No sabéis que sensación tan increíble, verte delante de tus ojos un barco tan grande, que sería nuestra casa durante los próximos días, ¡nos sentíamos como en Titanic! Muchísima gente haciendo cola para poder pasar, pero ante nuestro asombro (no estamos acostumbrados a ello), al tener contratada una suite, nada más presentar nuestros pasaportes, un chico nos recogió las maletas y nos pasó adentro, saltándonos todas las colas. 

Una vez en el barco, tras realizar las presentaciones, explicarnos un poco el funcionamiento y realizar un simulacro de emergencia (es obligatorio siempre), nos dispusimos a dar una vuelta por el barco para descubrirlo todo y tomarnos nuestro primer cóctel en la cubierta. Muy recomendable llevar todo incluido (paquete de bebidas también), ya que merece la pena. Pensad que vais a pasar muchas horas metidos en el barco y que lo que más vais a hacer (y mucho) es comer y beber.



Características del Crucero Celestyal Olimpia

El Celestyal Olimpia tiene capacidad para unas 1.600 personas. Cuenta con salones, bares, restaurantes, discoteca, un gimnasio, zona para niños, casino, piscina en cubierta, tiendas... y mucho más. 


Al elegir tu habitación, podrás escoger entre camarote interior, exterior o suite. Personalmente, creemos que merece la pena cogerse una suite. El precio varía poquísimo y la diferencia es abismal.

Suite en el Celestyal Olimpia
Nuestra suite no tenía balcón, pero si una ventana enorme. El primer día nada más llegar nos habían puesto una cesta de frutas como obsequio.

El Celestyal Olimpia realiza el recorrido del Crucero Egeo Icónico, recomedado para personas que viven su primera experiencia en un crucero por Grecia.

Recorrido del crucero por las Islas Griegas

Día 1: Mykonos

Tras embarcar y poner rumbo a nuestra primera parada, decidimos empezar a disfrutar de nuestra "casa", no había tiempo que perder. 

Alucinamos con nuestra suite, espaciosa, cómoda y con todo lo necesario para pasar unos días perfectos. 
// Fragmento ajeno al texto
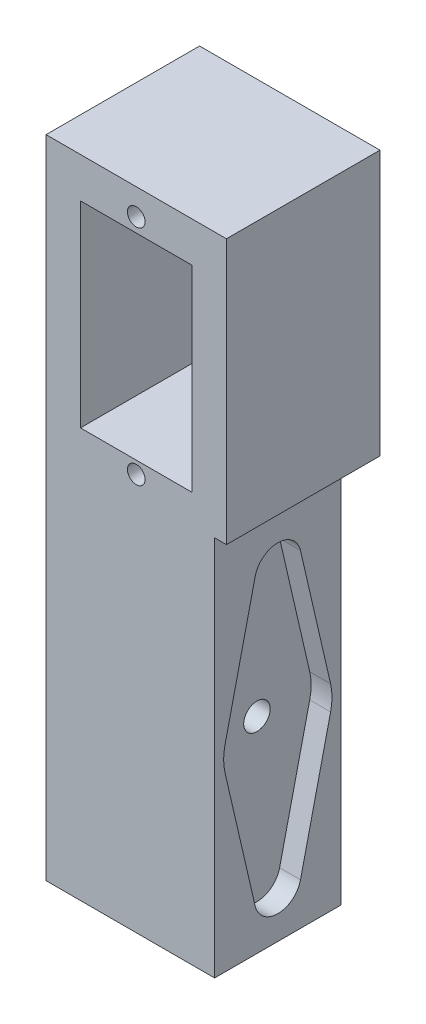
ISO-10303-21;
HEADER;
FILE_DESCRIPTION(('STEP AP214'),'2;1');
FILE_NAME('part.step','',(''),(''),'','','');
FILE_SCHEMA(('AUTOMOTIVE_DESIGN { 1 0 10303 214 1 1 1 1 }'));
ENDSEC;
DATA;
#1=APPLICATION_CONTEXT('core data for automotive mechanical design processes');
#2=APPLICATION_PROTOCOL_DEFINITION('international standard','automotive_design',2000,#1);
#3=PRODUCT_CONTEXT('',#1,'mechanical');
#4=PRODUCT('Part','Part','',(#3));
#5=PRODUCT_RELATED_PRODUCT_CATEGORY('part','',(#4));
#6=PRODUCT_DEFINITION_FORMATION('','',#4);
#7=PRODUCT_DEFINITION_CONTEXT('part definition',#1,'design');
#8=PRODUCT_DEFINITION('design','',#6,#7);
#9=PRODUCT_DEFINITION_SHAPE('','',#8);
#10=(LENGTH_UNIT() NAMED_UNIT(*) SI_UNIT(.MILLI.,.METRE.));
#11=(NAMED_UNIT(*) PLANE_ANGLE_UNIT() SI_UNIT($,.RADIAN.));
#12=(NAMED_UNIT(*) SI_UNIT($,.STERADIAN.) SOLID_ANGLE_UNIT());
#13=UNCERTAINTY_MEASURE_WITH_UNIT(LENGTH_MEASURE(1.E-05),#10,'distance_accuracy_value','');
#14=(GEOMETRIC_REPRESENTATION_CONTEXT(3) GLOBAL_UNCERTAINTY_ASSIGNED_CONTEXT((#13)) GLOBAL_UNIT_ASSIGNED_CONTEXT((#10,
#11,#12)) REPRESENTATION_CONTEXT('',''));
#15=CARTESIAN_POINT('',(0.,0.,0.));
#16=DIRECTION('',(0.,0.,1.));
#17=DIRECTION('',(1.,0.,0.));
#18=AXIS2_PLACEMENT_3D('',#15,#16,#17);
#19=CARTESIAN_POINT('',(-36.35,13.,-6.87499999999982));
#20=DIRECTION('',(1.,0.,0.));
#21=DIRECTION('',(0.,0.,-1.));
#22=AXIS2_PLACEMENT_3D('',#19,#20,#21);
#23=CYLINDRICAL_SURFACE('',#22,1.65);
#24=CARTESIAN_POINT('',(-7.34999999999999,13.,-6.87499999999992));
#25=DIRECTION('',(1.,0.,0.));
#26=DIRECTION('',(0.,0.,-1.));
#27=AXIS2_PLACEMENT_3D('',#24,#25,#26);
#28=CIRCLE('',#27,1.65);
#29=CARTESIAN_POINT('',(-7.34999999999999,13.,-8.52499999999993));
#30=VERTEX_POINT('',#29);
#31=EDGE_CURVE('E292',#30,#30,#28,.T.);
#32=ORIENTED_EDGE('',*,*,#31,.F.);
#33=EDGE_LOOP('',(#32));
#34=FACE_BOUND('',#33,.T.);
#35=CARTESIAN_POINT('',(11.05,13.,-6.87499999999999));
#36=DIRECTION('',(1.,0.,0.));
#37=DIRECTION('',(0.,0.,-1.));
#38=AXIS2_PLACEMENT_3D('',#35,#36,#37);
#39=CIRCLE('',#38,1.65);
#40=CARTESIAN_POINT('',(11.05,13.,-8.52499999999999));
#41=VERTEX_POINT('',#40);
#42=EDGE_CURVE('E40',#41,#41,#39,.F.);
#43=ORIENTED_EDGE('',*,*,#42,.F.);
#44=EDGE_LOOP('',(#43));
#45=FACE_BOUND('',#44,.T.);
#46=ADVANCED_FACE('F36',(#34,#45),#23,.F.);
#47=CARTESIAN_POINT('',(0.,0.,1.));
#48=DIRECTION('',(0.,0.,1.));
#49=DIRECTION('',(1.,0.,0.));
#50=AXIS2_PLACEMENT_3D('',#47,#48,#49);
#51=PLANE('',#50);
#52=CARTESIAN_POINT('',(3.88750000000004,67.25,1.));
#53=DIRECTION('',(0.,0.,1.));
#54=DIRECTION('',(1.,0.,0.));
#55=AXIS2_PLACEMENT_3D('',#52,#53,#54);
#56=CIRCLE('',#55,1.1);
#57=CARTESIAN_POINT('',(4.98750000000004,67.25,1.));
#58=VERTEX_POINT('',#57);
#59=EDGE_CURVE('E380',#58,#58,#56,.T.);
#60=ORIENTED_EDGE('',*,*,#59,.F.);
#61=EDGE_LOOP('',(#60));
#62=FACE_BOUND('',#61,.T.);
#63=CARTESIAN_POINT('',(3.88750000000004,39.45,1.));
#64=DIRECTION('',(0.,0.,1.));
#65=DIRECTION('',(1.,0.,0.));
#66=AXIS2_PLACEMENT_3D('',#63,#64,#65);
#67=CIRCLE('',#66,1.1);
#68=CARTESIAN_POINT('',(4.98750000000004,39.45,1.));
#69=VERTEX_POINT('',#68);
#70=EDGE_CURVE('E385',#69,#69,#67,.T.);
#71=ORIENTED_EDGE('',*,*,#70,.F.);
#72=EDGE_LOOP('',(#71));
#73=FACE_BOUND('',#72,.T.);
#74=DIRECTION('',(-1.,0.,0.));
#75=VECTOR('',#74,1.);
#76=CARTESIAN_POINT('',(-1.,-10.,1.));
#77=LINE('',#76,#75);
#78=CARTESIAN_POINT('',(13.65,-10.,1.));
#79=VERTEX_POINT('',#78);
#80=CARTESIAN_POINT('',(-7.34999999999996,-10.,1.));
#81=VERTEX_POINT('',#80);
#82=EDGE_CURVE('E288',#79,#81,#77,.T.);
#83=ORIENTED_EDGE('',*,*,#82,.F.);
#84=DIRECTION('',(0.,1.,0.));
#85=VECTOR('',#84,1.);
#86=CARTESIAN_POINT('',(13.65,37.5,1.));
#87=LINE('',#86,#85);
#88=CARTESIAN_POINT('',(13.65,37.5,1.));
#89=VERTEX_POINT('',#88);
#90=EDGE_CURVE('E404',#79,#89,#87,.T.);
#91=ORIENTED_EDGE('',*,*,#90,.T.);
#92=DIRECTION('',(1.,0.,0.));
#93=VECTOR('',#92,1.);
#94=CARTESIAN_POINT('',(-7.34999999999996,37.5,1.));
#95=LINE('',#94,#93);
#96=CARTESIAN_POINT('',(15.125,37.5,1.));
#97=VERTEX_POINT('',#96);
#98=EDGE_CURVE('E407',#89,#97,#95,.T.);
#99=ORIENTED_EDGE('',*,*,#98,.T.);
#100=DIRECTION('',(0.,1.,0.));
#101=VECTOR('',#100,1.);
#102=CARTESIAN_POINT('',(15.125,37.5,1.));
#103=LINE('',#102,#101);
#104=CARTESIAN_POINT('',(15.125,70.5,1.));
#105=VERTEX_POINT('',#104);
#106=EDGE_CURVE('E409',#97,#105,#103,.T.);
#107=ORIENTED_EDGE('',*,*,#106,.T.);
#108=DIRECTION('',(1.,0.,0.));
#109=VECTOR('',#108,1.);
#110=CARTESIAN_POINT('',(15.125,70.5,1.));
#111=LINE('',#110,#109);
#112=CARTESIAN_POINT('',(-7.34999999999996,70.5,1.));
#113=VERTEX_POINT('',#112);
#114=EDGE_CURVE('E401',#113,#105,#111,.T.);
#115=ORIENTED_EDGE('',*,*,#114,.F.);
#116=DIRECTION('',(0.,-1.,0.));
#117=VECTOR('',#116,1.);
#118=CARTESIAN_POINT('',(-7.34999999999996,68.5,1.));
#119=LINE('',#118,#117);
#120=EDGE_CURVE('E411',#113,#81,#119,.T.);
#121=ORIENTED_EDGE('',*,*,#120,.T.);
#122=EDGE_LOOP('',(#83,#91,#99,#107,#115,#121));
#123=FACE_BOUND('',#122,.T.);
#124=DIRECTION('',(0.,1.,0.));
#125=VECTOR('',#124,1.);
#126=CARTESIAN_POINT('',(10.8375,0.,1.));
#127=LINE('',#126,#125);
#128=CARTESIAN_POINT('',(10.8375,41.,1.));
#129=VERTEX_POINT('',#128);
#130=CARTESIAN_POINT('',(10.8375,65.5,1.));
#131=VERTEX_POINT('',#130);
#132=EDGE_CURVE('E320',#129,#131,#127,.T.);
#133=ORIENTED_EDGE('',*,*,#132,.F.);
#134=DIRECTION('',(-1.,0.,0.));
#135=VECTOR('',#134,1.);
#136=CARTESIAN_POINT('',(0.,41.,1.));
#137=LINE('',#136,#135);
#138=CARTESIAN_POINT('',(-3.06249999999996,41.,1.));
#139=VERTEX_POINT('',#138);
#140=EDGE_CURVE('E317',#129,#139,#137,.T.);
#141=ORIENTED_EDGE('',*,*,#140,.T.);
#142=DIRECTION('',(0.,1.,0.));
#143=VECTOR('',#142,1.);
#144=CARTESIAN_POINT('',(-3.06249999999996,0.,1.));
#145=LINE('',#144,#143);
#146=CARTESIAN_POINT('',(-3.06249999999996,65.5,1.));
#147=VERTEX_POINT('',#146);
#148=EDGE_CURVE('E314',#139,#147,#145,.T.);
#149=ORIENTED_EDGE('',*,*,#148,.T.);
#150=DIRECTION('',(1.,0.,0.));
#151=VECTOR('',#150,1.);
#152=CARTESIAN_POINT('',(0.,65.5,1.));
#153=LINE('',#152,#151);
#154=EDGE_CURVE('E61',#147,#131,#153,.T.);
#155=ORIENTED_EDGE('',*,*,#154,.T.);
#156=EDGE_LOOP('',(#133,#141,#149,#155));
#157=FACE_BOUND('',#156,.T.);
#158=ADVANCED_FACE('F453',(#62,#73,#123,#157),#51,.T.);
#159=CARTESIAN_POINT('',(0.,0.,-14.625));
#160=DIRECTION('',(0.,0.,-1.));
#161=DIRECTION('',(-1.,0.,0.));
#162=AXIS2_PLACEMENT_3D('',#159,#160,#161);
#163=PLANE('',#162);
#164=DIRECTION('',(0.,-1.,0.));
#165=VECTOR('',#164,1.);
#166=CARTESIAN_POINT('',(-1.61249999999995,0.,-14.625));
#167=LINE('',#166,#165);
#168=CARTESIAN_POINT('',(-1.61249999999996,64.5,-14.625));
#169=VERTEX_POINT('',#168);
#170=CARTESIAN_POINT('',(-1.61249999999996,59.5,-14.625));
#171=VERTEX_POINT('',#170);
#172=EDGE_CURVE('E362',#169,#171,#167,.T.);
#173=ORIENTED_EDGE('',*,*,#172,.F.);
#174=DIRECTION('',(1.,0.,0.));
#175=VECTOR('',#174,1.);
#176=CARTESIAN_POINT('',(0.,64.5,-14.625));
#177=LINE('',#176,#175);
#178=CARTESIAN_POINT('',(9.38750000000004,64.5,-14.625));
#179=VERTEX_POINT('',#178);
#180=EDGE_CURVE('E327',#169,#179,#177,.T.);
#181=ORIENTED_EDGE('',*,*,#180,.T.);
#182=DIRECTION('',(0.,1.,0.));
#183=VECTOR('',#182,1.);
#184=CARTESIAN_POINT('',(9.38750000000004,0.,-14.625));
#185=LINE('',#184,#183);
#186=CARTESIAN_POINT('',(9.38750000000004,59.5,-14.625));
#187=VERTEX_POINT('',#186);
#188=EDGE_CURVE('E359',#187,#179,#185,.T.);
#189=ORIENTED_EDGE('',*,*,#188,.F.);
#190=DIRECTION('',(1.,0.,0.));
#191=VECTOR('',#190,1.);
#192=CARTESIAN_POINT('',(0.,59.5,-14.625));
#193=LINE('',#192,#191);
#194=EDGE_CURVE('E334',#171,#187,#193,.T.);
#195=ORIENTED_EDGE('',*,*,#194,.F.);
#196=EDGE_LOOP('',(#173,#181,#189,#195));
#197=FACE_BOUND('',#196,.T.);
#198=DIRECTION('',(0.,-1.,0.));
#199=VECTOR('',#198,1.);
#200=CARTESIAN_POINT('',(9.38750000000004,0.,-14.625));
#201=LINE('',#200,#199);
#202=CARTESIAN_POINT('',(9.38750000000004,47.,-14.625));
#203=VERTEX_POINT('',#202);
#204=CARTESIAN_POINT('',(9.38750000000004,42.,-14.625));
#205=VERTEX_POINT('',#204);
#206=EDGE_CURVE('E335',#203,#205,#201,.T.);
#207=ORIENTED_EDGE('',*,*,#206,.T.);
#208=DIRECTION('',(-1.,0.,0.));
#209=VECTOR('',#208,1.);
#210=CARTESIAN_POINT('',(0.,42.,-14.625));
#211=LINE('',#210,#209);
#212=CARTESIAN_POINT('',(-1.61249999999996,42.,-14.625));
#213=VERTEX_POINT('',#212);
#214=EDGE_CURVE('E301',#205,#213,#211,.T.);
#215=ORIENTED_EDGE('',*,*,#214,.T.);
#216=DIRECTION('',(0.,1.,0.));
#217=VECTOR('',#216,1.);
#218=CARTESIAN_POINT('',(-1.61249999999996,0.,-14.625));
#219=LINE('',#218,#217);
#220=CARTESIAN_POINT('',(-1.61249999999996,47.,-14.625));
#221=VERTEX_POINT('',#220);
#222=EDGE_CURVE('E342',#213,#221,#219,.T.);
#223=ORIENTED_EDGE('',*,*,#222,.T.);
#224=DIRECTION('',(1.,0.,0.));
#225=VECTOR('',#224,1.);
#226=CARTESIAN_POINT('',(0.,47.,-14.625));
#227=LINE('',#226,#225);
#228=EDGE_CURVE('E338',#221,#203,#227,.T.);
#229=ORIENTED_EDGE('',*,*,#228,.T.);
#230=EDGE_LOOP('',(#207,#215,#223,#229));
#231=FACE_BOUND('',#230,.T.);
#232=DIRECTION('',(-1.,0.,0.));
#233=VECTOR('',#232,1.);
#234=CARTESIAN_POINT('',(0.,41.,-14.625));
#235=LINE('',#234,#233);
#236=CARTESIAN_POINT('',(10.8375,41.,-14.625));
#237=VERTEX_POINT('',#236);
#238=CARTESIAN_POINT('',(-3.06249999999996,41.,-14.625));
#239=VERTEX_POINT('',#238);
#240=EDGE_CURVE('E303',#237,#239,#235,.T.);
#241=ORIENTED_EDGE('',*,*,#240,.F.);
#242=DIRECTION('',(0.,1.,0.));
#243=VECTOR('',#242,1.);
#244=CARTESIAN_POINT('',(10.8375,0.,-14.625));
#245=LINE('',#244,#243);
#246=CARTESIAN_POINT('',(10.8375,65.5,-14.625));
#247=VERTEX_POINT('',#246);
#248=EDGE_CURVE('E306',#237,#247,#245,.T.);
#249=ORIENTED_EDGE('',*,*,#248,.T.);
#250=DIRECTION('',(1.,0.,0.));
#251=VECTOR('',#250,1.);
#252=CARTESIAN_POINT('',(0.,65.5,-14.625));
#253=LINE('',#252,#251);
#254=CARTESIAN_POINT('',(-3.06249999999996,65.5,-14.625));
#255=VERTEX_POINT('',#254);
#256=EDGE_CURVE('E308',#255,#247,#253,.T.);
#257=ORIENTED_EDGE('',*,*,#256,.F.);
#258=DIRECTION('',(0.,1.,0.));
#259=VECTOR('',#258,1.);
#260=CARTESIAN_POINT('',(-3.06249999999996,0.,-14.625));
#261=LINE('',#260,#259);
#262=EDGE_CURVE('E311',#239,#255,#261,.T.);
#263=ORIENTED_EDGE('',*,*,#262,.F.);
#264=EDGE_LOOP('',(#241,#249,#257,#263));
#265=FACE_BOUND('',#264,.T.);
#266=ADVANCED_FACE('F459',(#197,#231,#265),#163,.F.);
#267=CARTESIAN_POINT('',(0.,0.,-18.125));
#268=DIRECTION('',(0.,0.,1.));
#269=DIRECTION('',(1.,0.,0.));
#270=AXIS2_PLACEMENT_3D('',#267,#268,#269);
#271=PLANE('',#270);
#272=DIRECTION('',(-1.,0.,0.));
#273=VECTOR('',#272,1.);
#274=CARTESIAN_POINT('',(-7.34999999999997,37.5,-18.125));
#275=LINE('',#274,#273);
#276=CARTESIAN_POINT('',(15.125,37.5,-18.125));
#277=VERTEX_POINT('',#276);
#278=CARTESIAN_POINT('',(-7.34999999999997,37.5,-18.125));
#279=VERTEX_POINT('',#278);
#280=EDGE_CURVE('E413',#277,#279,#275,.T.);
#281=ORIENTED_EDGE('',*,*,#280,.T.);
#282=DIRECTION('',(0.,1.,0.));
#283=VECTOR('',#282,1.);
#284=CARTESIAN_POINT('',(-7.34999999999996,68.5,-18.125));
#285=LINE('',#284,#283);
#286=CARTESIAN_POINT('',(-7.34999999999996,70.5,-18.125));
#287=VERTEX_POINT('',#286);
#288=EDGE_CURVE('E416',#279,#287,#285,.T.);
#289=ORIENTED_EDGE('',*,*,#288,.T.);
#290=DIRECTION('',(-1.,0.,0.));
#291=VECTOR('',#290,1.);
#292=CARTESIAN_POINT('',(-7.34999999999996,70.5,-18.125));
#293=LINE('',#292,#291);
#294=CARTESIAN_POINT('',(15.125,70.5,-18.125));
#295=VERTEX_POINT('',#294);
#296=EDGE_CURVE('E395',#295,#287,#293,.T.);
#297=ORIENTED_EDGE('',*,*,#296,.F.);
#298=DIRECTION('',(0.,-1.,0.));
#299=VECTOR('',#298,1.);
#300=CARTESIAN_POINT('',(15.125,37.5,-18.125));
#301=LINE('',#300,#299);
#302=EDGE_CURVE('E418',#295,#277,#301,.T.);
#303=ORIENTED_EDGE('',*,*,#302,.T.);
#304=EDGE_LOOP('',(#281,#289,#297,#303));
#305=FACE_BOUND('',#304,.T.);
#306=DIRECTION('',(0.,-1.,0.));
#307=VECTOR('',#306,1.);
#308=CARTESIAN_POINT('',(-1.61249999999995,0.,-18.125));
#309=LINE('',#308,#307);
#310=CARTESIAN_POINT('',(-1.61249999999996,64.5,-18.125));
#311=VERTEX_POINT('',#310);
#312=CARTESIAN_POINT('',(-1.61249999999996,59.5,-18.125));
#313=VERTEX_POINT('',#312);
#314=EDGE_CURVE('E434',#311,#313,#309,.T.);
#315=ORIENTED_EDGE('',*,*,#314,.T.);
#316=DIRECTION('',(1.,0.,0.));
#317=VECTOR('',#316,1.);
#318=CARTESIAN_POINT('',(0.,59.5,-18.125));
#319=LINE('',#318,#317);
#320=CARTESIAN_POINT('',(9.38750000000004,59.5,-18.125));
#321=VERTEX_POINT('',#320);
#322=EDGE_CURVE('E437',#313,#321,#319,.T.);
#323=ORIENTED_EDGE('',*,*,#322,.T.);
#324=DIRECTION('',(0.,1.,0.));
#325=VECTOR('',#324,1.);
#326=CARTESIAN_POINT('',(9.38750000000004,0.,-18.125));
#327=LINE('',#326,#325);
#328=CARTESIAN_POINT('',(9.38750000000004,64.5,-18.125));
#329=VERTEX_POINT('',#328);
#330=EDGE_CURVE('E428',#321,#329,#327,.T.);
#331=ORIENTED_EDGE('',*,*,#330,.T.);
#332=DIRECTION('',(-1.,0.,0.));
#333=VECTOR('',#332,1.);
#334=CARTESIAN_POINT('',(0.,64.5,-18.125));
#335=LINE('',#334,#333);
#336=EDGE_CURVE('E431',#329,#311,#335,.T.);
#337=ORIENTED_EDGE('',*,*,#336,.T.);
#338=EDGE_LOOP('',(#315,#323,#331,#337));
#339=FACE_BOUND('',#338,.T.);
#340=DIRECTION('',(0.,-1.,0.));
#341=VECTOR('',#340,1.);
#342=CARTESIAN_POINT('',(9.38750000000004,0.,-18.125));
#343=LINE('',#342,#341);
#344=CARTESIAN_POINT('',(9.38750000000004,47.,-18.125));
#345=VERTEX_POINT('',#344);
#346=CARTESIAN_POINT('',(9.38750000000004,42.,-18.125));
#347=VERTEX_POINT('',#346);
#348=EDGE_CURVE('E12',#345,#347,#343,.T.);
#349=ORIENTED_EDGE('',*,*,#348,.F.);
#350=DIRECTION('',(1.,0.,0.));
#351=VECTOR('',#350,1.);
#352=CARTESIAN_POINT('',(0.,47.,-18.125));
#353=LINE('',#352,#351);
#354=CARTESIAN_POINT('',(-1.61249999999996,47.,-18.125));
#355=VERTEX_POINT('',#354);
#356=EDGE_CURVE('E440',#355,#345,#353,.T.);
#357=ORIENTED_EDGE('',*,*,#356,.F.);
#358=DIRECTION('',(0.,1.,0.));
#359=VECTOR('',#358,1.);
#360=CARTESIAN_POINT('',(-1.61249999999996,0.,-18.125));
#361=LINE('',#360,#359);
#362=CARTESIAN_POINT('',(-1.61249999999996,42.,-18.125));
#363=VERTEX_POINT('',#362);
#364=EDGE_CURVE('E442',#363,#355,#361,.T.);
#365=ORIENTED_EDGE('',*,*,#364,.F.);
#366=DIRECTION('',(1.,0.,0.));
#367=VECTOR('',#366,1.);
#368=CARTESIAN_POINT('',(0.,42.,-18.125));
#369=LINE('',#368,#367);
#370=EDGE_CURVE('E45',#363,#347,#369,.T.);
#371=ORIENTED_EDGE('',*,*,#370,.T.);
#372=EDGE_LOOP('',(#349,#357,#365,#371));
#373=FACE_BOUND('',#372,.T.);
#374=ADVANCED_FACE('F532',(#305,#339,#373),#271,.F.);
#375=CARTESIAN_POINT('',(-1.,37.5,-38.9531761207504));
#376=DIRECTION('',(0.,-1.,0.));
#377=DIRECTION('',(0.,0.,-1.));
#378=AXIS2_PLACEMENT_3D('',#375,#376,#377);
#379=PLANE('',#378);
#380=DIRECTION('',(0.,0.,-1.));
#381=VECTOR('',#380,1.);
#382=CARTESIAN_POINT('',(13.65,37.5,0.));
#383=LINE('',#382,#381);
#384=CARTESIAN_POINT('',(13.65,37.5,-14.75));
#385=VERTEX_POINT('',#384);
#386=EDGE_CURVE('E426',#89,#385,#383,.T.);
#387=ORIENTED_EDGE('',*,*,#386,.T.);
#388=DIRECTION('',(1.,0.,0.));
#389=VECTOR('',#388,1.);
#390=CARTESIAN_POINT('',(-7.35,37.5,-14.75));
#391=LINE('',#390,#389);
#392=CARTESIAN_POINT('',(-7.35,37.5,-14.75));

Nuestra primera parada fue subir a uno de los bares de la cubierta y pedirnos nuestro primer cóctel, ¡no nos creíamos lo que estábamos viviendo! Las sensaciones fueron alucinantes. Nos sentíamos como niños con juguetes nuevos.


Tras echar un vistazo a las actividades del día, le dije a Juan que quería que bailáramos, así que estuvimos en las clases de baile griego y en la de merengue, ¡cuánto nos reímos! 

La megafonía avisa que estamos llegando a Mykonos y los nervios ya empezaban a apoderarse de mi. 

En este primer día, cometimos un error que ya no nos pasó más (pecamos de novatos). En Mykonos el barco no nos dejó en puerto, por lo que el desembarco era con lanchas. Había que ir a recoger unos números a partir de las 14 horas y como nos lo estábamos pasando tan bien en las clases de baile, fuimos casi a última hora, así que nos dieron de los últimos números, lo que significaba que desembarcaríamos de los últimos. 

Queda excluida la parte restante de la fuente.